I wonder if you could crudely determine a number based on inspecting the size of the cache of the machine at runtime.

I think the most impressive part about the whole thing is that the cache optimization flows naturally out of how the Trie is constructed rather than any voodoo on their part. (Since each string is handled once, rather than m times, where m is the string length, as in a pure radix sort.)
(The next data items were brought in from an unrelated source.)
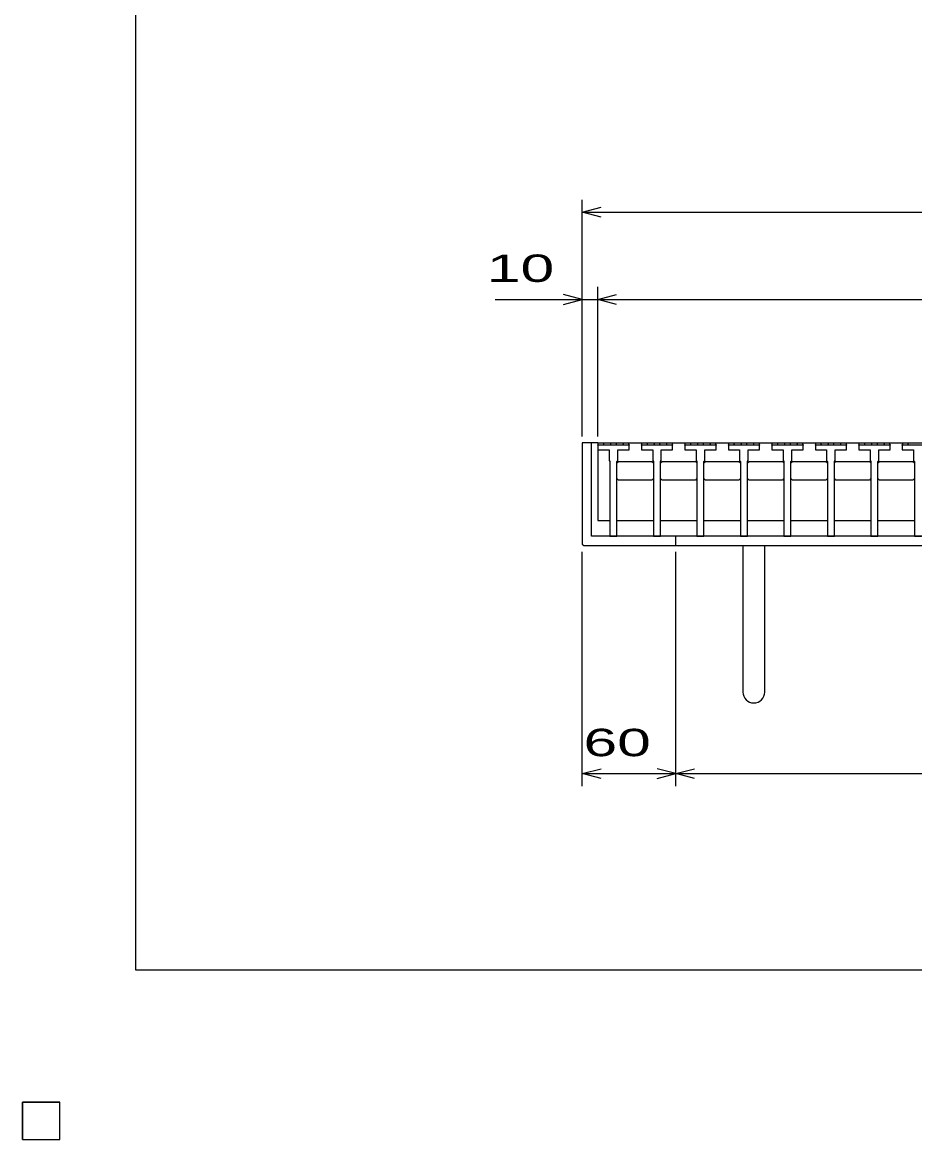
# Model space of a CAD drawing. Units: millimetres, scale not verified. Extents: x -1456 to 1385, y -1026 to 843.
# Drawn here: x -1456 to -884, y -1026 to -309 of the extents above; entities that cross this region are included whole.
import ezdxf
from ezdxf.enums import TextEntityAlignment as Align

# ---------------------------------------------------------------- set-up
doc = ezdxf.new("R2010")
doc.units = ezdxf.units.MM
doc.header["$LTSCALE"] = 8
for name, color, linetype, lineweight in [('0_2', 150, 'Continuous', 25), ('16', 3, 'Continuous', 25), ('19', 6, 'Continuous', 25), ('22', 2, 'Continuous', 25)]:
    doc.layers.add(name, color=color, linetype=linetype, lineweight=lineweight)
doc.styles.add('ベクトル', font='')
doc.styles.get('ベクトル').set_extended_font_data('ベクトル')

msp = doc.modelspace()

# ---------------------------------------------------------------- linework, layer by layer
at = {"layer": '0_2'}
for p, q in [((-1383.2, -917.2), (-1383.2, 842.8)), ((1384.8, -917.2), (-1383.2, -917.2))]:
    msp.add_line(p, q, dxfattribs=at)
at = {"layer": '16'}
for p, q in [((-1086.8, -580.2), (-1086.3, -578.7)), ((-1086.8, -578.7), (-386.8, -578.7)), ((-1086.8, -578.7), (-1086.8, -628.7)), ((-1086.8, -580.2), (-1086.8, -583.2)), ((-1066.8, -580.2), (-1086.8, -580.2)), ((-1086.3, -578.7), (-1083.4, -578.7)), ((-1083.4, -578.7), (-1082.9, -580.2)), ((-1078.75, -580.2), (-1078.25, -578.7)), ((-1078.25, -578.7), (-1075.35, -578.7)), ((-1075.35, -578.7), (-1074.85, -580.2)), ((-1070.7, -580.2), (-1070.2, -578.7)), ((-1070.2, -578.7), (-1067.3, -578.7)), ((-1067.3, -578.7), (-1066.8, -580.2)), ((-1066.8, -583.2), (-1066.8, -580.2)), ((-1058.9, -580.2), (-1058.4, -578.7)), ((-1058.9, -580.2), (-1058.9, -583.2)), ((-1038.9, -580.2), (-1058.9, -580.2)), ((-1058.4, -578.7), (-1055.5, -578.7)), ((-1055.5, -578.7), (-1055, -580.2)), ((-1050.85, -580.2), (-1050.35, -578.7)), ((-1050.35, -578.7), (-1047.45, -578.7)), ((-1047.45, -578.7), (-1046.95, -580.2)), ((-1042.8, -580.2), (-1042.3, -578.7)), ((-1042.3, -578.7), (-1039.4, -578.7)), ((-1039.4, -578.7), (-1038.9, -580.2)), ((-1038.9, -583.2), (-1038.9, -580.2)), ((-1031, -580.2), (-1030.5, -578.7)), ((-1031, -580.2), (-1031, -583.2)), ((-1011, -580.2), (-1031, -580.2)), ((-1030.5, -578.7), (-1027.6, -578.7)), ((-1027.6, -578.7), (-1027.1, -580.2)), ((-1022.95, -580.2), (-1022.45, -578.7)), ((-1022.45, -578.7), (-1019.55, -578.7)), ((-1019.55, -578.7), (-1019.05, -580.2)), ((-1014.9, -580.2), (-1014.4, -578.7)), ((-1014.4, -578.7), (-1011.5, -578.7)), ((-1011.5, -578.7), (-1011, -580.2)), ((-1011, -583.2), (-1011, -580.2)), ((-1003.1, -580.2), (-1002.6, -578.7)), ((-1003.1, -580.2), (-1003.1, -583.2)), ((-983.1, -580.2), (-1003.1, -580.2)), ((-1002.6, -578.7), (-999.7, -578.7)), ((-999.7, -578.7), (-999.2, -580.2)), ((-995.05, -580.2), (-994.55, -578.7)), ((-994.55, -578.7), (-991.65, -578.7)), ((-991.65, -578.7), (-991.15, -580.2)), ((-987, -580.2), (-986.5, -578.7)), ((-986.5, -578.7), (-983.6, -578.7)), ((-983.6, -578.7), (-983.1, -580.2)), ((-983.1, -583.2), (-983.1, -580.2)), ((-975.2, -580.2), (-974.7, -578.7)), ((-975.2, -580.2), (-975.2, -583.2)), ((-955.2, -580.2), (-975.2, -580.2)), ((-974.7, -578.7), (-971.8, -578.7)), ((-971.8, -578.7), (-971.3, -580.2)), ((-967.15, -580.2), (-966.65, -578.7)), ((-966.65, -578.7), (-963.75, -578.7)), ((-963.75, -578.7), (-963.25, -580.2)), ((-959.1, -580.2), (-958.6, -578.7)), ((-958.6, -578.7), (-955.7, -578.7)), ((-955.7, -578.7), (-955.2, -580.2)), ((-955.2, -583.2), (-955.2, -580.2)), ((-947.3, -580.2), (-946.8, -578.7)), ((-947.3, -580.2), (-947.3, -583.2)), ((-927.3, -580.2), (-947.3, -580.2)), ((-946.8, -578.7), (-943.9, -578.7)), ((-943.9, -578.7), (-943.4, -580.2)), ((-939.25, -580.2), (-938.75, -578.7)), ((-938.75, -578.7), (-935.85, -578.7)), ((-935.85, -578.7), (-935.35, -580.2)), ((-931.2, -580.2), (-930.7, -578.7)), ((-930.7, -578.7), (-927.8, -578.7)), ((-927.8, -578.7), (-927.3, -580.2)), ((-927.3, -583.2), (-927.3, -580.2)), ((-919.4, -580.2), (-918.9, -578.7)), ((-919.4, -580.2), (-919.4, -583.2)), ((-899.4, -580.2), (-919.4, -580.2)), ((-918.9, -578.7), (-916, -578.7)), ((-916, -578.7), (-915.5, -580.2)), ((-911.35, -580.2), (-910.85, -578.7)), ((-910.85, -578.7), (-907.95, -578.7)), ((-907.95, -578.7), (-907.45, -580.2)), ((-903.3, -580.2), (-902.8, -578.7)), ((-902.8, -578.7), (-899.9, -578.7)), ((-899.9, -578.7), (-899.4, -580.2)), ((-899.4, -583.2), (-899.4, -580.2)), ((-891.5, -580.2), (-891, -578.7)), ((-891.5, -580.2), (-891.5, -583.2)), ((-871.5, -580.2), (-891.5, -580.2)), ((-891, -578.7), (-888.1, -578.7)), ((-888.1, -578.7), (-887.6, -580.2)), ((-1086.8, -583.2), (-1079.55, -583.2)), ((-1079.55, -583.2), (-1079.55, -590.2)), ((-1074.05, -590.2), (-1074.05, -583.2)), ((-1074.05, -583.2), (-1066.8, -583.2)), ((-1058.9, -583.2), (-1051.65, -583.2)), ((-1051.65, -583.2), (-1051.65, -590.2)), ((-1046.15, -590.2), (-1046.15, -583.2)), ((-1046.15, -583.2), (-1038.9, -583.2)), ((-1031, -583.2), (-1023.75, -583.2)), ((-1023.75, -583.2), (-1023.75, -590.2)), ((-1018.25, -590.2), (-1018.25, -583.2)), ((-1018.25, -583.2), (-1011, -583.2)), ((-1003.1, -583.2), (-995.85, -583.2)), ((-995.85, -583.2), (-995.85, -590.2)), ((-990.35, -590.2), (-990.35, -583.2)), ((-990.35, -583.2), (-983.1, -583.2)), ((-975.2, -583.2), (-967.95, -583.2)), ((-967.95, -583.2), (-967.95, -590.2)), ((-962.45, -590.2), (-962.45, -583.2)), ((-962.45, -583.2), (-955.2, -583.2)), ((-947.3, -583.2), (-940.05, -583.2)), ((-940.05, -583.2), (-940.05, -590.2)), ((-934.55, -590.2), (-934.55, -583.2)), ((-934.55, -583.2), (-927.3, -583.2)), ((-919.4, -583.2), (-912.15, -583.2)), ((-912.15, -583.2), (-912.15, -590.2)), ((-906.65, -590.2), (-906.65, -583.2)), ((-906.65, -583.2), (-899.4, -583.2)), ((-891.5, -583.2), (-884.25, -583.2)), ((-884.25, -583.2), (-884.25, -590.2)), ((-1079.55, -590.2), (-1079.05, -590.7)), ((-1079.05, -590.7), (-1079.05, -638.7)), ((-1074.55, -590.7), (-1074.05, -590.2)), ((-1074.55, -638.7), (-1074.55, -590.7)), ((-1074.55, -591.7), (-1073.55, -590.7)), ((-1073.55, -590.7), (-1052.15, -590.7)), ((-1052.15, -590.7), (-1051.15, -591.7)), ((-1051.65, -590.2), (-1051.15, -590.7)), ((-1051.15, -590.7), (-1051.15, -638.7)), ((-1046.65, -590.7), (-1046.15, -590.2)), ((-1046.65, -638.7), (-1046.65, -590.7)), ((-1046.65, -591.7), (-1045.65, -590.7)), ((-1045.65, -590.7), (-1024.25, -590.7)), ((-1024.25, -590.7), (-1023.25, -591.7)), ((-1023.75, -590.2), (-1023.25, -590.7)), ((-1023.25, -590.7), (-1023.25, -638.7)), ((-1018.75, -590.7), (-1018.25, -590.2)), ((-1018.75, -638.7), (-1018.75, -590.7)), ((-1018.75, -591.7), (-1017.75, -590.7)), ((-1017.75, -590.7), (-996.35, -590.7)), ((-996.35, -590.7), (-995.35, -591.7)), ((-995.85, -590.2), (-995.35, -590.7)), ((-995.35, -590.7), (-995.35, -638.7)), ((-990.85, -590.7), (-990.35, -590.2)), ((-990.85, -638.7), (-990.85, -590.7)), ((-990.85, -591.7), (-989.85, -590.7)), ((-989.85, -590.7), (-968.45, -590.7)), ((-968.45, -590.7), (-967.45, -591.7)), ((-967.95, -590.2), (-967.45, -590.7)), ((-967.45, -590.7), (-967.45, -638.7)), ((-962.95, -590.7), (-962.45, -590.2)), ((-962.95, -638.7), (-962.95, -590.7)), ((-962.95, -591.7), (-961.95, -590.7)), ((-961.95, -590.7), (-940.55, -590.7)), ((-940.55, -590.7), (-939.55, -591.7)), ((-940.05, -590.2), (-939.55, -590.7)), ((-939.55, -590.7), (-939.55, -638.7)), ((-935.05, -590.7), (-934.55, -590.2)), ((-935.05, -638.7), (-935.05, -590.7)), ((-935.05, -591.7), (-934.05, -590.7)), ((-934.05, -590.7), (-912.65, -590.7)), ((-912.65, -590.7), (-911.65, -591.7)), ((-912.15, -590.2), (-911.65, -590.7)), ((-911.65, -590.7), (-911.65, -638.7)), ((-907.15, -590.7), (-906.65, -590.2)), ((-907.15, -638.7), (-907.15, -590.7)), ((-907.15, -591.7), (-906.15, -590.7)), ((-906.15, -590.7), (-884.75, -590.7)), ((-884.75, -590.7), (-883.75, -591.7)), ((-884.25, -590.2), (-883.75, -590.7)), ((-883.75, -590.7), (-883.75, -638.7)), ((-1073.55, -602.7), (-1074.55, -601.7)), ((-1051.15, -601.7), (-1052.15, -602.7)), ((-1045.65, -602.7), (-1046.65, -601.7)), ((-1023.25, -601.7), (-1024.25, -602.7)), ((-1017.75, -602.7), (-1018.75, -601.7)), ((-995.35, -601.7), (-996.35, -602.7)), ((-989.85, -602.7), (-990.85, -601.7)), ((-967.45, -601.7), (-968.45, -602.7)), ((-961.95, -602.7), (-962.95, -601.7)), ((-939.55, -601.7), (-940.55, -602.7)), ((-934.05, -602.7), (-935.05, -601.7)), ((-911.65, -601.7), (-912.65, -602.7)), ((-906.15, -602.7), (-907.15, -601.7)), ((-883.75, -601.7), (-884.75, -602.7)), ((-1052.15, -602.7), (-1073.55, -602.7)), ((-1024.25, -602.7), (-1045.65, -602.7)), ((-996.35, -602.7), (-1017.75, -602.7)), ((-968.45, -602.7), (-989.85, -602.7)), ((-940.55, -602.7), (-961.95, -602.7)), ((-912.65, -602.7), (-934.05, -602.7)), ((-884.75, -602.7), (-906.15, -602.7)), ((-1086.8, -628.7), (-1079.05, -628.7)), ((-1074.55, -628.7), (-1051.15, -628.7)), ((-1046.65, -628.7), (-1023.25, -628.7)), ((-1018.75, -628.7), (-995.35, -628.7)), ((-990.85, -628.7), (-967.45, -628.7)), ((-962.95, -628.7), (-939.55, -628.7)), ((-935.05, -628.7), (-911.65, -628.7)), ((-907.15, -628.7), (-883.75, -628.7)), ((-1079.05, -638.7), (-1074.55, -638.7)), ((-1051.15, -638.7), (-1046.65, -638.7)), ((-1023.25, -638.7), (-1018.75, -638.7)), ((-995.35, -638.7), (-990.85, -638.7)), ((-967.45, -638.7), (-962.95, -638.7)), ((-939.55, -638.7), (-935.05, -638.7)), ((-911.65, -638.7), (-907.15, -638.7)), ((-883.75, -638.7), (-879.25, -638.7)), ((-1456, -1002), (-1432, -1002)), ((-1456, -1026), (-1456, -1002)), ((-1456, -1002), (-1432, -1002)), ((-1456, -1026), (-1456, -1002)), ((-1456, -1002), (-1432, -1002)), ((-1456, -1026), (-1456, -1002)), ((-1456, -1002), (-1432, -1002)), ((-1456, -1026), (-1456, -1002)), ((-1456, -1002), (-1432, -1002)), ((-1456, -1026), (-1456, -1002)), ((-1432, -1026), (-1432, -1002)), ((-1432, -1026), (-1432, -1002)), ((-1432, -1026), (-1432, -1002)), ((-1432, -1026), (-1432, -1002)), ((-1432, -1026), (-1432, -1002)), ((-1456, -1026), (-1432, -1026)), ((-1456, -1026), (-1432, -1026)), ((-1456, -1026), (-1432, -1026)), ((-1456, -1026), (-1432, -1026)), ((-1456, -1026), (-1432, -1026))]:
    msp.add_line(p, q, dxfattribs=at)
at = {"layer": '19'}
for p, q in [((-1086.8, -578.7), (-1096.8, -578.7)), ((-1096.8, -578.7), (-1096.8, -643.7)), ((-1090.8, -638.7), (-1090.8, -578.7)), ((-1096.8, -643.7), (-1095.8, -644.7)), ((-1095.8, -644.7), (-377.8, -644.7)), ((-382.8, -638.7), (-1090.8, -638.7)), ((-1036.8, -644.7), (-1036.8, -638.7)), ((-993.8, -644.7), (-993.8, -738.7)), ((-979.8, -738.7), (-979.8, -644.7))]:
    msp.add_line(p, q, dxfattribs=at)
msp.add_arc((-986.8, -738.7), 7, 180, 0, dxfattribs=at)
at = {"layer": '22', "color": 4}
for p, q in [((-1096.8, -574.7), (-1096.8, -422.7)), ((-1096.8, -430.7), (-1084.8, -427.5)), ((-1084.8, -433.9), (-1096.8, -430.7)), ((-1096.8, -430.7), (-376.8, -430.7)), ((-1096.8, -574.7), (-1096.8, -478.7)), ((-1086.8, -574.7), (-1086.8, -478.7)), ((-1152.8, -486.7), (-1096.8, -486.7)), ((-1096.8, -486.7), (-1108.8, -483.5)), ((-1108.8, -489.9), (-1096.8, -486.7)), ((-1096.8, -486.7), (-1086.8, -486.7)), ((-1086.8, -486.7), (-1074.8, -483.5)), ((-1074.8, -489.9), (-1086.8, -486.7)), ((-1086.8, -486.7), (-386.8, -486.7)), ((-1096.8, -799.1), (-1096.8, -648.7)), ((-1036.8, -799.1), (-1036.8, -648.7)), ((-1096.8, -791.1), (-1084.8, -787.9)), ((-1036.8, -791.1), (-1048.8, -787.9)), ((-1036.8, -791.1), (-1024.8, -787.9)), ((-1084.8, -794.3), (-1096.8, -791.1)), ((-1096.8, -791.1), (-1036.8, -791.1)), ((-1048.8, -794.3), (-1036.8, -791.1)), ((-1024.8, -794.3), (-1036.8, -791.1)), ((-1036.8, -791.1), (-436.8, -791.1))]:
    msp.add_line(p, q, dxfattribs=at)
at = {"layer": '22'}
for p, q in [((-1432, -1002), (-1456, -1002)), ((-1456, -1002), (-1456, -1026)), ((-1432, -1002), (-1456, -1002)), ((-1456, -1002), (-1456, -1026)), ((-1432, -1002), (-1456, -1002)), ((-1456, -1002), (-1456, -1026)), ((-1432, -1026), (-1432, -1002)), ((-1432, -1026), (-1432, -1002)), ((-1432, -1026), (-1432, -1002)), ((-1456, -1026), (-1432, -1026)), ((-1456, -1026), (-1432, -1026)), ((-1456, -1026), (-1432, -1026))]:
    msp.add_line(p, q, dxfattribs=at)

# ---------------------------------------------------------------- texts
at = {"layer": '22', "style": 'ベクトル', "width": 1.65}
for s, p in [(' 10 ', (-1168.8, -466.7)), (' 60 ', (-1106.8, -771.1))]:
    msp.add_text(s, height=17.6, dxfattribs=at).set_placement(p, align=Align.MIDDLE_LEFT)

doc.saveas('drawing.dxf')

It makes me wonder if the cache optimization aspect was foreseen or accidental.

gojomo · on Jan 22, 2009

I haven't looked closely at this 'burstsort', but have read previously about 'cache-oblivious' algorithms, that benefit consistently from memory caches whatever their size. (No tuning for different sizes required.) See discussion here:

http://blogs.msdn.com/devdev/archive/2007/06/12/cache-oblivi...

bd · on Jan 22, 2009

See also this lecture on cache oblivious algorithms by Erik Demaine from MIT 6.046 "Introduction to Algorithms" course:

"This is a particularly fun area, one dear to my heart because I've done a lot of research in this area. This is an area co-founded by Professor Leiserson. So, in fact, the first context in which I met Professor Leiserson was him giving a talk about cache oblivious algorithms at WADS '99 in Vancouver I think. Yeah, that has to be an odd year. So, I learned about cache oblivious algorithms then, started working in the area, and it's been a fun place to play. But this topic in some sense was also developed in the context of this class. I think there was one semester, probably also '98-'99 where all of the problem sets were about cache oblivious algorithms."

http://ocw.mit.edu/OcwWeb/Electrical-Engineering-and-Compute...

prakash · on Jan 22, 2009

and this: http://citeseerx.ist.psu.edu/viewdoc/summary?doi=10.1.1.44.5...

lallysingh · on Jan 23, 2009

I'll assume it's not terribly effective when you're in a functional language, unless you've specifically allocated the elements in an array?